You can get it delivered or if you ask nicely you can collect.

http://www.elara.ie/products/harddiskexternal.asp?available=checked

HTH

ONQ.


----------



## babaduck (24 Mar 2010)

I have a 1TB Iomega Media Hard Drive which I got from Komplett.ie  Very happy with it


----------



## Henrys Cat (26 Mar 2010)

Easons around the coun try are/were selling 1TB Seagate ones


----------



## telekon (30 Mar 2010)

1TB will work out at about 920Mb when formatted.
That looks like a good deal actually, it's got an eSATA interface (quicker) as well as standard usb.

The only thing about the bigger capacity external drives is that they're physically bigger as well - you could get a 500Mb drive based on a 2.5" disk that would be smaller and lighter - easier to carry around.


----------



## RMCF (30 Mar 2010)

You will have to pay *BIG *money at the minute to get a 1tb *portable *(ie 2.5" size) drive. The brands like Seagate do them, but they are £160 for a 1tb.

The cheaper prices on 1tb (I got a Seagate one on Tesco's in NI last week for £54) are for the desktop 3.5" ones - thats the ones that need a power supply plugged into the wall.


----------



## Pope John 11 (14 Jun 2011)

Has anyone recommendations for a cheap external harddrive 1 TB approx. I have a Verbatium 0.5 TB which I got 2 years ago for €49.99, can't remember where though.

In fact this one seems a good deal?

[broken link removed]

Do Komplette charge for delivery as their website seems to say that there is no delivery charge up to 10kGS ?


----------



## Sue Ellen (14 Jun 2011)

I bought this one some time ago and it works fine [broken link removed]  Its discussed in this thread.

Can't comment on Komplett's delivery charges.


----------



## michaelm (15 Jun 2011)

Pope John 11 said:


> In fact this one seems a good deal?


That's an internal drive.  I like this Toshiba 1TB external  drive.

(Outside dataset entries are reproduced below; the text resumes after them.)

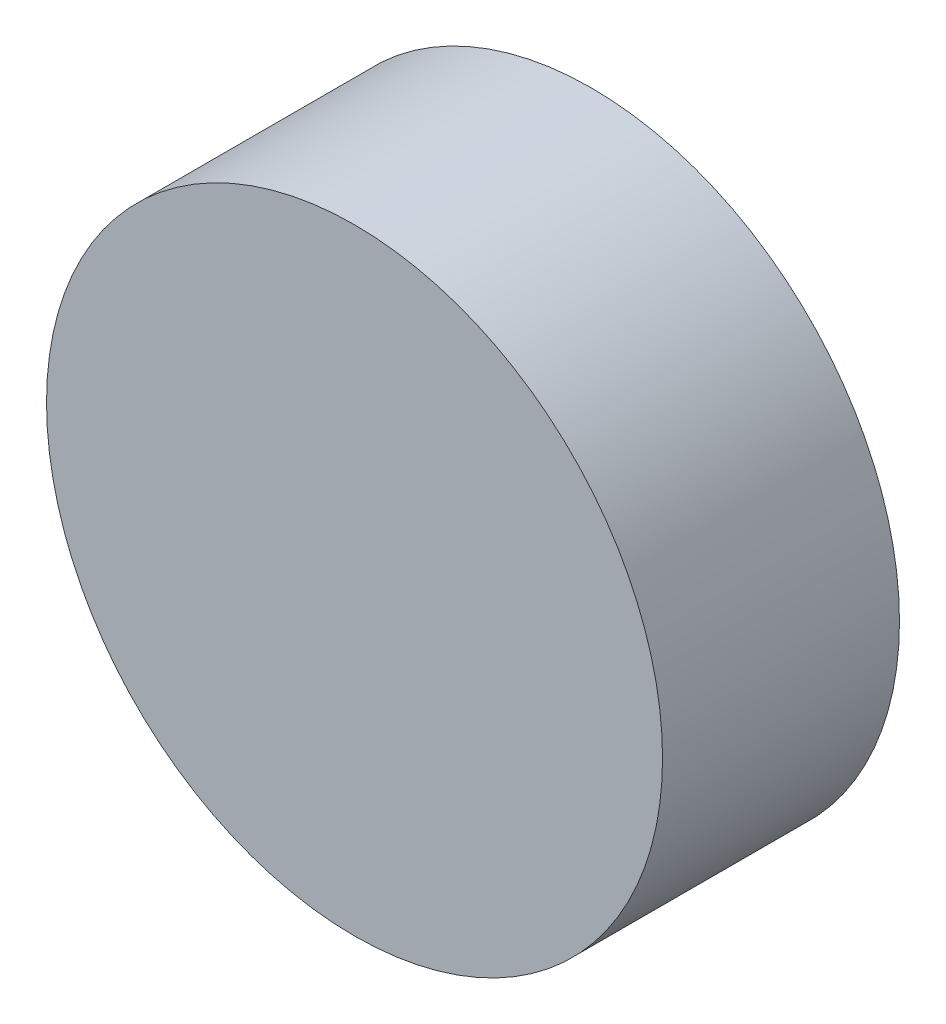
ISO-10303-21;
HEADER;
FILE_DESCRIPTION(('STEP AP214'),'2;1');
FILE_NAME('part.step','',(''),(''),'','','');
FILE_SCHEMA(('AUTOMOTIVE_DESIGN { 1 0 10303 214 1 1 1 1 }'));
ENDSEC;
DATA;
#1=APPLICATION_CONTEXT('core data for automotive mechanical design processes');
#2=APPLICATION_PROTOCOL_DEFINITION('international standard','automotive_design',2000,#1);
#3=PRODUCT_CONTEXT('',#1,'mechanical');
#4=PRODUCT('Part','Part','',(#3));
#5=PRODUCT_RELATED_PRODUCT_CATEGORY('part','',(#4));
#6=PRODUCT_DEFINITION_FORMATION('','',#4);
#7=PRODUCT_DEFINITION_CONTEXT('part definition',#1,'design');
#8=PRODUCT_DEFINITION('design','',#6,#7);
#9=PRODUCT_DEFINITION_SHAPE('','',#8);
#10=(LENGTH_UNIT() NAMED_UNIT(*) SI_UNIT(.MILLI.,.METRE.));
#11=(NAMED_UNIT(*) PLANE_ANGLE_UNIT() SI_UNIT($,.RADIAN.));
#12=(NAMED_UNIT(*) SI_UNIT($,.STERADIAN.) SOLID_ANGLE_UNIT());
#13=UNCERTAINTY_MEASURE_WITH_UNIT(LENGTH_MEASURE(1.E-05),#10,'distance_accuracy_value','');
#14=(GEOMETRIC_REPRESENTATION_CONTEXT(3) GLOBAL_UNCERTAINTY_ASSIGNED_CONTEXT((#13)) GLOBAL_UNIT_ASSIGNED_CONTEXT((#10,
#11,#12)) REPRESENTATION_CONTEXT('',''));
#15=CARTESIAN_POINT('',(0.,0.,0.));
#16=DIRECTION('',(0.,0.,1.));
#17=DIRECTION('',(1.,0.,0.));
#18=AXIS2_PLACEMENT_3D('',#15,#16,#17);
#19=CARTESIAN_POINT('',(0.,0.,10.));
#20=DIRECTION('',(0.,0.,-1.));
#21=DIRECTION('',(-1.,0.,0.));
#22=AXIS2_PLACEMENT_3D('',#19,#20,#21);
#23=CYLINDRICAL_SURFACE('',#22,13.);
#24=CARTESIAN_POINT('',(0.,0.,10.));
#25=DIRECTION('',(0.,0.,1.));
#26=DIRECTION('',(1.,0.,0.));
#27=AXIS2_PLACEMENT_3D('',#24,#25,#26);
#28=CIRCLE('',#27,13.);
#29=CARTESIAN_POINT('',(13.,0.,10.));
#30=VERTEX_POINT('',#29);
#31=EDGE_CURVE('E10',#30,#30,#28,.T.);
#32=ORIENTED_EDGE('',*,*,#31,.F.);
#33=EDGE_LOOP('',(#32));
#34=FACE_BOUND('',#33,.T.);
#35=CARTESIAN_POINT('',(0.,0.,0.));
#36=DIRECTION('',(0.,0.,1.));
#37=DIRECTION('',(1.,0.,0.));
#38=AXIS2_PLACEMENT_3D('',#35,#36,#37);
#39=CIRCLE('',#38,13.);
#40=CARTESIAN_POINT('',(13.,0.,0.));
#41=VERTEX_POINT('',#40);
#42=EDGE_CURVE('E33',#41,#41,#39,.T.);
#43=ORIENTED_EDGE('',*,*,#42,.T.);
#44=EDGE_LOOP('',(#43));
#45=FACE_BOUND('',#44,.T.);
#46=ADVANCED_FACE('F30',(#34,#45),#23,.T.);
#47=CARTESIAN_POINT('',(0.,0.,10.));
#48=DIRECTION('',(0.,0.,1.));
#49=DIRECTION('',(1.,0.,0.));
#50=AXIS2_PLACEMENT_3D('',#47,#48,#49);
#51=PLANE('',#50);
#52=ORIENTED_EDGE('',*,*,#31,.T.);
#53=EDGE_LOOP('',(#52));
#54=FACE_BOUND('',#53,.T.);
#55=ADVANCED_FACE('F45',(#54),#51,.T.);
#56=CARTESIAN_POINT('',(0.,0.,0.));
#57=DIRECTION('',(0.,0.,1.));
#58=DIRECTION('',(1.,0.,0.));
#59=AXIS2_PLACEMENT_3D('',#56,#57,#58);
#60=PLANE('',#59);
#61=ORIENTED_EDGE('',*,*,#42,.F.);
#62=EDGE_LOOP('',(#61));
#63=FACE_BOUND('',#62,.T.);
#64=ADVANCED_FACE('F43',(#63),#60,.F.);
#65=CLOSED_SHELL('',(#46,#55,#64));
#66=MANIFOLD_SOLID_BREP('B2',#65);
#67=ADVANCED_BREP_SHAPE_REPRESENTATION('',(#18,#66),#14);
#68=SHAPE_DEFINITION_REPRESENTATION(#9,#67);
ENDSEC;
END-ISO-10303-21;

It's powered from the USB bus ans is 2.5" which makes it quite portable.  Maybe not the cheapest though.


----------



## TarfHead (15 Jun 2011)

Pope John 11 said:


> .. recommendations for a cheap external harddrive 1 TB approx.


 
If you value your data, a cheap drive is not what you're looking for.


----------



## djh (15 Jun 2011)

Picked up an iOmega eGo portable USB powered hard drive (red) 500GB last week in powercity. Only 49.99. 
It's USB 3 so if I ever get a new computer it will work faster! 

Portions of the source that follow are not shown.